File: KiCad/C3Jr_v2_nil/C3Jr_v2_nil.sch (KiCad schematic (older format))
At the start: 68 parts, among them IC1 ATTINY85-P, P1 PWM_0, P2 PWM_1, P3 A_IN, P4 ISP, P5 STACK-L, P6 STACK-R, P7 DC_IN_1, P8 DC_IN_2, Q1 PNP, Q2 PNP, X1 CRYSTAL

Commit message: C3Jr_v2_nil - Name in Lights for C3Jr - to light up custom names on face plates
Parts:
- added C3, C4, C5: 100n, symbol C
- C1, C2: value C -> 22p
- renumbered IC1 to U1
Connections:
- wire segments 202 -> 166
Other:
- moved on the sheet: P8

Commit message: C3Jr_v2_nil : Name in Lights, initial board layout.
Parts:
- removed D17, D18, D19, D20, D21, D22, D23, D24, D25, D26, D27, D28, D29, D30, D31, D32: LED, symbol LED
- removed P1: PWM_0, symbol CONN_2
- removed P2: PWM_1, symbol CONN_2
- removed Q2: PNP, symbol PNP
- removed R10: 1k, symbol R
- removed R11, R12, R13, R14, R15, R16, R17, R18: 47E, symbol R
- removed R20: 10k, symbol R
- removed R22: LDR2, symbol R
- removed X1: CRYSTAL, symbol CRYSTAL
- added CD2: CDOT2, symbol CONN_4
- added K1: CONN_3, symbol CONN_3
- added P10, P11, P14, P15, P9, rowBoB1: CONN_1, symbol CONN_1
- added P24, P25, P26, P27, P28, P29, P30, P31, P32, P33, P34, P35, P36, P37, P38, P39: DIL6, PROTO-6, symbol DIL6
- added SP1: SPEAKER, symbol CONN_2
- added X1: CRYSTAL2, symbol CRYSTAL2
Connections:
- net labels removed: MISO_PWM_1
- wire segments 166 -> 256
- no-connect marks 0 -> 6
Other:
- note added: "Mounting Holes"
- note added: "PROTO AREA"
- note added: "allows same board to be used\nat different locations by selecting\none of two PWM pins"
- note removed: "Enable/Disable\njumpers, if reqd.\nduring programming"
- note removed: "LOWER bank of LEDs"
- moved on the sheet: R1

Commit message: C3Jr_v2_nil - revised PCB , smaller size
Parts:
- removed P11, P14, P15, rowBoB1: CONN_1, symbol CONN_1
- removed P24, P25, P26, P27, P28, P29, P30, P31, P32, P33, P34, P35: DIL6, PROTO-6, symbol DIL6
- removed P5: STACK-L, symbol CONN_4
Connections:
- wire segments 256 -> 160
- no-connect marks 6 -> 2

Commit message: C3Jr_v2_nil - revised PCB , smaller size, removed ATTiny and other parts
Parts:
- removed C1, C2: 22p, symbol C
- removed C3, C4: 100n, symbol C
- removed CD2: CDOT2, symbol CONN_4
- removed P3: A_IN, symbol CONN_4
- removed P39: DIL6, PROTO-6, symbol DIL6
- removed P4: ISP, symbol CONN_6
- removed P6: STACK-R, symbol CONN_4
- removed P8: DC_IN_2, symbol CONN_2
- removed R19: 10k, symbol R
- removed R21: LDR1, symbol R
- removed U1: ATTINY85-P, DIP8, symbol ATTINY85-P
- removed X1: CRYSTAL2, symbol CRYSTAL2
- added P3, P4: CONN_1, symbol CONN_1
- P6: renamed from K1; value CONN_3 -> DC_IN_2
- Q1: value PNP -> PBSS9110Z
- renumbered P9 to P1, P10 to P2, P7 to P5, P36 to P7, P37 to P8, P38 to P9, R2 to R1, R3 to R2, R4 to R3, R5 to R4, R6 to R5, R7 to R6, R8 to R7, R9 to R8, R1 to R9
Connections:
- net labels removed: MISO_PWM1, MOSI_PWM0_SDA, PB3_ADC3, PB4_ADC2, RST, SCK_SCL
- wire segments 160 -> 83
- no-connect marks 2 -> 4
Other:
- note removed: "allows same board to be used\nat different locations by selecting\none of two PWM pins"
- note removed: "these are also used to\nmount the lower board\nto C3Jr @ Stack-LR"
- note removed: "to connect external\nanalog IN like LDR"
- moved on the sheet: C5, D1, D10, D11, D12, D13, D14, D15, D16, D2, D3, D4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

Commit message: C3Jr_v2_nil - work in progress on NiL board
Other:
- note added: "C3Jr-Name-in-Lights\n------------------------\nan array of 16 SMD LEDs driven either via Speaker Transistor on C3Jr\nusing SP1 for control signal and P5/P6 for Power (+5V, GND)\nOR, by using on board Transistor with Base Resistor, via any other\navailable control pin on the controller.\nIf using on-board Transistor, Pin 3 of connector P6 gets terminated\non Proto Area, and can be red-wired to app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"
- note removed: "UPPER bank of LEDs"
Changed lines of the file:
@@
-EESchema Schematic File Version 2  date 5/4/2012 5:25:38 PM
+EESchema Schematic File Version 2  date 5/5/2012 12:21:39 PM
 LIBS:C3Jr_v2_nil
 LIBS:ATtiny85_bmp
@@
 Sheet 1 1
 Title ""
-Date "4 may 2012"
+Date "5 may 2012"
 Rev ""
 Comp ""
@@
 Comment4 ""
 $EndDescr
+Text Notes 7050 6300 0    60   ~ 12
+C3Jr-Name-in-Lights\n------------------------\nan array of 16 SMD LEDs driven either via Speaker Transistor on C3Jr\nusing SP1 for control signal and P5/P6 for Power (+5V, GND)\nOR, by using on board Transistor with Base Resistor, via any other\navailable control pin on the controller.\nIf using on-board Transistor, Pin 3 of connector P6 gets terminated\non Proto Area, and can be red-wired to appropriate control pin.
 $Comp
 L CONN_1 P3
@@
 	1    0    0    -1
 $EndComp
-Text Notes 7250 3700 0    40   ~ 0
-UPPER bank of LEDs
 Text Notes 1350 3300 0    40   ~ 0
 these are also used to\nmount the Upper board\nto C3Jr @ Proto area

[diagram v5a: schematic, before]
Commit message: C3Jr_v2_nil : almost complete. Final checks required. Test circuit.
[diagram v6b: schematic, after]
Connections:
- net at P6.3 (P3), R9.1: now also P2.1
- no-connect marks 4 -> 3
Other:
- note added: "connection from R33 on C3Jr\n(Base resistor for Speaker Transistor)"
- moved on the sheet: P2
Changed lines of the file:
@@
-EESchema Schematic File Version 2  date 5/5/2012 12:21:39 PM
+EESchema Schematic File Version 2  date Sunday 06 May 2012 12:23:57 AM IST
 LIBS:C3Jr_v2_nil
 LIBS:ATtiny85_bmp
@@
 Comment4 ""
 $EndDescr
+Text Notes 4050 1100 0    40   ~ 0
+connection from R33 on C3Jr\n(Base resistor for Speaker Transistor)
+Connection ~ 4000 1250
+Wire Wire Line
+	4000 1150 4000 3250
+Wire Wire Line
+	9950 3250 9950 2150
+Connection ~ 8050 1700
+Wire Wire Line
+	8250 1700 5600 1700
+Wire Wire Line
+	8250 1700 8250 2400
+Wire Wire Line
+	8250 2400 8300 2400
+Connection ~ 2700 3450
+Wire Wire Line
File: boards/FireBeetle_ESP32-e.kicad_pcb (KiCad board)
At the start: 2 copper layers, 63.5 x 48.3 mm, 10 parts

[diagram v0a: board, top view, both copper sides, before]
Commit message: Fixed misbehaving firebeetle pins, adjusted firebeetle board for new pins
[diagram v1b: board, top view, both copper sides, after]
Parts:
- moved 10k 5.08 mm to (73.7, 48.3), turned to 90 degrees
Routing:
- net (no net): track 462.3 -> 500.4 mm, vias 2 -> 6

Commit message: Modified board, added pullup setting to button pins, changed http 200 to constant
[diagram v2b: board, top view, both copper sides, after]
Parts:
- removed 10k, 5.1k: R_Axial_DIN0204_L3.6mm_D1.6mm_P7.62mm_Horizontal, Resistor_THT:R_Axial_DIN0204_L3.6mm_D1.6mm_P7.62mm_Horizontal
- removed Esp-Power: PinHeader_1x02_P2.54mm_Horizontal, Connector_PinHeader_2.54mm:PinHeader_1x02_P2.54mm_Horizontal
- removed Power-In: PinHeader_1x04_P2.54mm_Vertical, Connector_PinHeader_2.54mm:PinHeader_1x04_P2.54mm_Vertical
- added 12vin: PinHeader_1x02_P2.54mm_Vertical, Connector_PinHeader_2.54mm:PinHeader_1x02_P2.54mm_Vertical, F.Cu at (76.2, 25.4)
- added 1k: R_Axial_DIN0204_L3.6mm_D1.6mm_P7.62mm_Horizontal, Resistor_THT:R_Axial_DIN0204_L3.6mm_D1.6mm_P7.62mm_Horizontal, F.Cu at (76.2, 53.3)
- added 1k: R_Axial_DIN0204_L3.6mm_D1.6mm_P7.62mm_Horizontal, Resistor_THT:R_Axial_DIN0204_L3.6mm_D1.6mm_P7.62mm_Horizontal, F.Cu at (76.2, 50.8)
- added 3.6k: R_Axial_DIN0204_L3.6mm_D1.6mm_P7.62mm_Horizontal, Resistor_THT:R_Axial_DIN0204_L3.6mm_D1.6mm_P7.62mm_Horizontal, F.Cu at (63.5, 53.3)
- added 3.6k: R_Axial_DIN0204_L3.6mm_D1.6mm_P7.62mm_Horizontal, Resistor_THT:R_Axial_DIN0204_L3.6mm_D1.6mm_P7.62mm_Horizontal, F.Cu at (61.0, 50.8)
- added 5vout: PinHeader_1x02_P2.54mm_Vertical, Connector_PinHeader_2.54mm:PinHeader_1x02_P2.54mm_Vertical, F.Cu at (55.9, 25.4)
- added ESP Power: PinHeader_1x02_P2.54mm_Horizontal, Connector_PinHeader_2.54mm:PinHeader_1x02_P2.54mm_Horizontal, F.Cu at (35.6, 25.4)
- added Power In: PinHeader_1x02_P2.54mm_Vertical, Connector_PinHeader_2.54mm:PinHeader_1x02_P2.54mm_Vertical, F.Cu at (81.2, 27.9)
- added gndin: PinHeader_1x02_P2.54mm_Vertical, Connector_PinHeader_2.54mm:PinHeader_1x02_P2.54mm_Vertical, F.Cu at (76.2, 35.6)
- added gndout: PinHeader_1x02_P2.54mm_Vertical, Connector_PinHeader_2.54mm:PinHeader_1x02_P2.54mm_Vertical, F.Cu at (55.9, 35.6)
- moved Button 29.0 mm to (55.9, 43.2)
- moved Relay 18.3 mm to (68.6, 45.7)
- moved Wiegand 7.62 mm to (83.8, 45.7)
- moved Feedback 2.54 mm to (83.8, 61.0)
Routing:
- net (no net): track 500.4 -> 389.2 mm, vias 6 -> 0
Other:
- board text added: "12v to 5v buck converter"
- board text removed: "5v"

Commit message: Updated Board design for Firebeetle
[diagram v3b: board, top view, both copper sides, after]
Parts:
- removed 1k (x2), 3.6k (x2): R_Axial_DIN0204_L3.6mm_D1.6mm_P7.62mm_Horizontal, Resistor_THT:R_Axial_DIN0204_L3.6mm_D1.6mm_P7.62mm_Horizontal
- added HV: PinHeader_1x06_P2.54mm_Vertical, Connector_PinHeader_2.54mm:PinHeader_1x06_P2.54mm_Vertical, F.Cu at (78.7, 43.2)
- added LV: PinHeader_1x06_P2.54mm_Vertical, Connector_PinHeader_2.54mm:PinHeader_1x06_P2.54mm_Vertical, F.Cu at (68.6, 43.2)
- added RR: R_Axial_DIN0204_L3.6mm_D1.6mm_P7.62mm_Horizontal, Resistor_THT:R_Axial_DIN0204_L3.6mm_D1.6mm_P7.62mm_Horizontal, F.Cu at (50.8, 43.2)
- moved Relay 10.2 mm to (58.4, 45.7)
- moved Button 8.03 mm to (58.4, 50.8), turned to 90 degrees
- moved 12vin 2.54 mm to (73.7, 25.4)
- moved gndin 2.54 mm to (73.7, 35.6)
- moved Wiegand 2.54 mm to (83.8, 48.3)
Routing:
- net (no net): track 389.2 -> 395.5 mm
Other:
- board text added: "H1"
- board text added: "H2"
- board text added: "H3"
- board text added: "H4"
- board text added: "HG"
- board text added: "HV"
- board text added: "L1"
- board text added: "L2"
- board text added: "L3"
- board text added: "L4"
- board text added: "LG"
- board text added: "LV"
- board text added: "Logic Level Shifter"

──────────────────────────────

▶ [EXERCISE BRIEF]:
Look above for the line holding "Commit message: Updated", then set down exactly that line and every line after it up to and including the line holding "at (78.7, 43.2)", with nothing else.

▶ [TASK RESPONSE]:
Commit message: Updated Board design for Firebeetle
[diagram v3b: board, top view, both copper sides, after]
Parts:
- removed 1k (x2), 3.6k (x2): R_Axial_DIN0204_L3.6mm_D1.6mm_P7.62mm_Horizontal, Resistor_THT:R_Axial_DIN0204_L3.6mm_D1.6mm_P7.62mm_Horizontal
- added HV: PinHeader_1x06_P2.54mm_Vertical, Connector_PinHeader_2.54mm:PinHeader_1x06_P2.54mm_Vertical, F.Cu at (78.7, 43.2)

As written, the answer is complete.